Repeat the records below word for word and omit each image.

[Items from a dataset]
━━━━━━━━━━
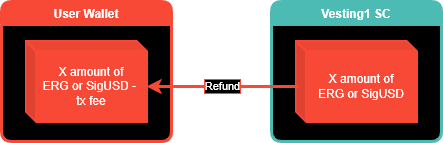

The diagram above was exported from draw.io. Its source (the exported page's mxGraphModel, read from the mxfile embedded in the PNG):
<mxGraphModel dx="1102" dy="875" grid="1" gridSize="10" guides="1" tooltips="1" connect="1" arrows="1" fold="1" page="1" pageScale="1" pageWidth="850" pageHeight="1100" math="0" shadow="0">
  <root>
    <mxCell id="0" />
    <mxCell id="1" parent="0" />
    <mxCell id="I0hiN1EPHC9cmtYxYzsP-1" value="User Wallet" style="swimlane;container=1;collapsible=0;fillColor=#F84936;swimlaneLine=1;rounded=1;swimlaneFillColor=#000000;fontColor=#FFFFFF;labelBorderColor=none;strokeColor=#F84936;strokeWidth=3;" parent="1" vertex="1">
      <mxGeometry x="70" y="180" width="170" height="140" as="geometry" />
    </mxCell>
    <mxCell id="I0hiN1EPHC9cmtYxYzsP-10" value="X amount of&lt;br&gt;ERG or SigUSD - &lt;br&gt;tx fee" style="shape=cube;whiteSpace=wrap;html=1;boundedLbl=1;backgroundOutline=1;darkOpacity=0.05;darkOpacity2=0.1;rounded=1;labelBorderColor=none;fontColor=#FFFFFF;strokeColor=#F84936;strokeWidth=3;fillColor=#F84936;size=10;" parent="I0hiN1EPHC9cmtYxYzsP-1" vertex="1">
      <mxGeometry x="25" y="40" width="120" height="80" as="geometry" />
    </mxCell>
    <mxCell id="I0hiN1EPHC9cmtYxYzsP-3" value="Vesting1 SC" style="swimlane;container=1;collapsible=0;fillColor=#4CBBB4;swimlaneLine=1;rounded=1;swimlaneFillColor=#000000;fontColor=#FFFFFF;labelBorderColor=none;strokeColor=#4CBBB4;strokeWidth=3;" parent="1" vertex="1">
      <mxGeometry x="340" y="180" width="170" height="140" as="geometry" />
    </mxCell>
    <mxCell id="I0hiN1EPHC9cmtYxYzsP-5" value="X amount of&lt;br&gt;ERG or SigUSD" style="shape=cube;whiteSpace=wrap;html=1;boundedLbl=1;backgroundOutline=1;darkOpacity=0.05;darkOpacity2=0.1;rounded=1;labelBorderColor=none;fontColor=#FFFFFF;strokeColor=#F84936;strokeWidth=3;fillColor=#F84936;size=10;" parent="I0hiN1EPHC9cmtYxYzsP-3" vertex="1">
      <mxGeometry x="25" y="40" width="120" height="80" as="geometry" />
    </mxCell>
    <mxCell id="I0hiN1EPHC9cmtYxYzsP-15" value="Refund" style="edgeStyle=orthogonalEdgeStyle;rounded=1;orthogonalLoop=1;jettySize=auto;html=1;exitX=0.017;exitY=0.563;exitDx=0;exitDy=0;exitPerimeter=0;entryX=0;entryY=0;entryDx=120;entryDy=45;entryPerimeter=0;fontColor=#FFFFFF;strokeWidth=3;strokeColor=#F84936;labelBackgroundColor=#000000;labelBorderColor=#F84936;" parent="1" source="I0hiN1EPHC9cmtYxYzsP-5" edge="1">
      <mxGeometry relative="1" as="geometry">
        <mxPoint x="600" y="432.96" as="sourcePoint" />
        <mxPoint x="215" y="265" as="targetPoint" />
        <Array as="points">
          <mxPoint x="340" y="265" />
          <mxPoint x="340" y="265" />
        </Array>
      </mxGeometry>
    </mxCell>
  </root>
</mxGraphModel>
━━━━━━━━━━
### Solution:
The diagram above was exported from draw.io. Its source (the exported page's mxGraphModel, read from the mxfile embedded in the PNG):
<mxGraphModel dx="1102" dy="875" grid="1" gridSize="10" guides="1" tooltips="1" connect="1" arrows="1" fold="1" page="1" pageScale="1" pageWidth="850" pageHeight="1100" math="0" shadow="0">
  <root>
    <mxCell id="0" />
    <mxCell id="1" parent="0" />
    <mxCell id="I0hiN1EPHC9cmtYxYzsP-1" value="User Wallet" style="swimlane;container=1;collapsible=0;fillColor=#F84936;swimlaneLine=1;rounded=1;swimlaneFillColor=#000000;fontColor=#FFFFFF;labelBorderColor=none;strokeColor=#F84936;strokeWidth=3;" parent="1" vertex="1">
      <mxGeometry x="70" y="180" width="170" height="140" as="geometry" />
    </mxCell>
    <mxCell id="I0hiN1EPHC9cmtYxYzsP-10" value="X amount of&lt;br&gt;ERG or SigUSD - &lt;br&gt;tx fee" style="shape=cube;whiteSpace=wrap;html=1;boundedLbl=1;backgroundOutline=1;darkOpacity=0.05;darkOpacity2=0.1;rounded=1;labelBorderColor=none;fontColor=#FFFFFF;strokeColor=#F84936;strokeWidth=3;fillColor=#F84936;size=10;" parent="I0hiN1EPHC9cmtYxYzsP-1" vertex="1">
      <mxGeometry x="25" y="40" width="120" height="80" as="geometry" />
    </mxCell>
    <mxCell id="I0hiN1EPHC9cmtYxYzsP-3" value="Vesting1 SC" style="swimlane;container=1;collapsible=0;fillColor=#4CBBB4;swimlaneLine=1;rounded=1;swimlaneFillColor=#000000;fontColor=#FFFFFF;labelBorderColor=none;strokeColor=#4CBBB4;strokeWidth=3;" parent="1" vertex="1">
      <mxGeometry x="340" y="180" width="170" height="140" as="geometry" />
    </mxCell>
    <mxCell id="I0hiN1EPHC9cmtYxYzsP-5" value="X amount of&lt;br&gt;ERG or SigUSD" style="shape=cube;whiteSpace=wrap;html=1;boundedLbl=1;backgroundOutline=1;darkOpacity=0.05;darkOpacity2=0.1;rounded=1;labelBorderColor=none;fontColor=#FFFFFF;strokeColor=#F84936;strokeWidth=3;fillColor=#F84936;size=10;" parent="I0hiN1EPHC9cmtYxYzsP-3" vertex="1">
      <mxGeometry x="25" y="40" width="120" height="80" as="geometry" />
    </mxCell>
    <mxCell id="I0hiN1EPHC9cmtYxYzsP-15" value="Refund" style="edgeStyle=orthogonalEdgeStyle;rounded=1;orthogonalLoop=1;jettySize=auto;html=1;exitX=0.017;exitY=0.563;exitDx=0;exitDy=0;exitPerimeter=0;entryX=0;entryY=0;entryDx=120;entryDy=45;entryPerimeter=0;fontColor=#FFFFFF;strokeWidth=3;strokeColor=#F84936;labelBackgroundColor=#000000;labelBorderColor=#F84936;" parent="1" source="I0hiN1EPHC9cmtYxYzsP-5" edge="1">
      <mxGeometry relative="1" as="geometry">
        <mxPoint x="600" y="432.96" as="sourcePoint" />
        <mxPoint x="215" y="265" as="targetPoint" />
        <Array as="points">
          <mxPoint x="340" y="265" />
          <mxPoint x="340" y="265" />
        </Array>
      </mxGeometry>
    </mxCell>
  </root>
</mxGraphModel>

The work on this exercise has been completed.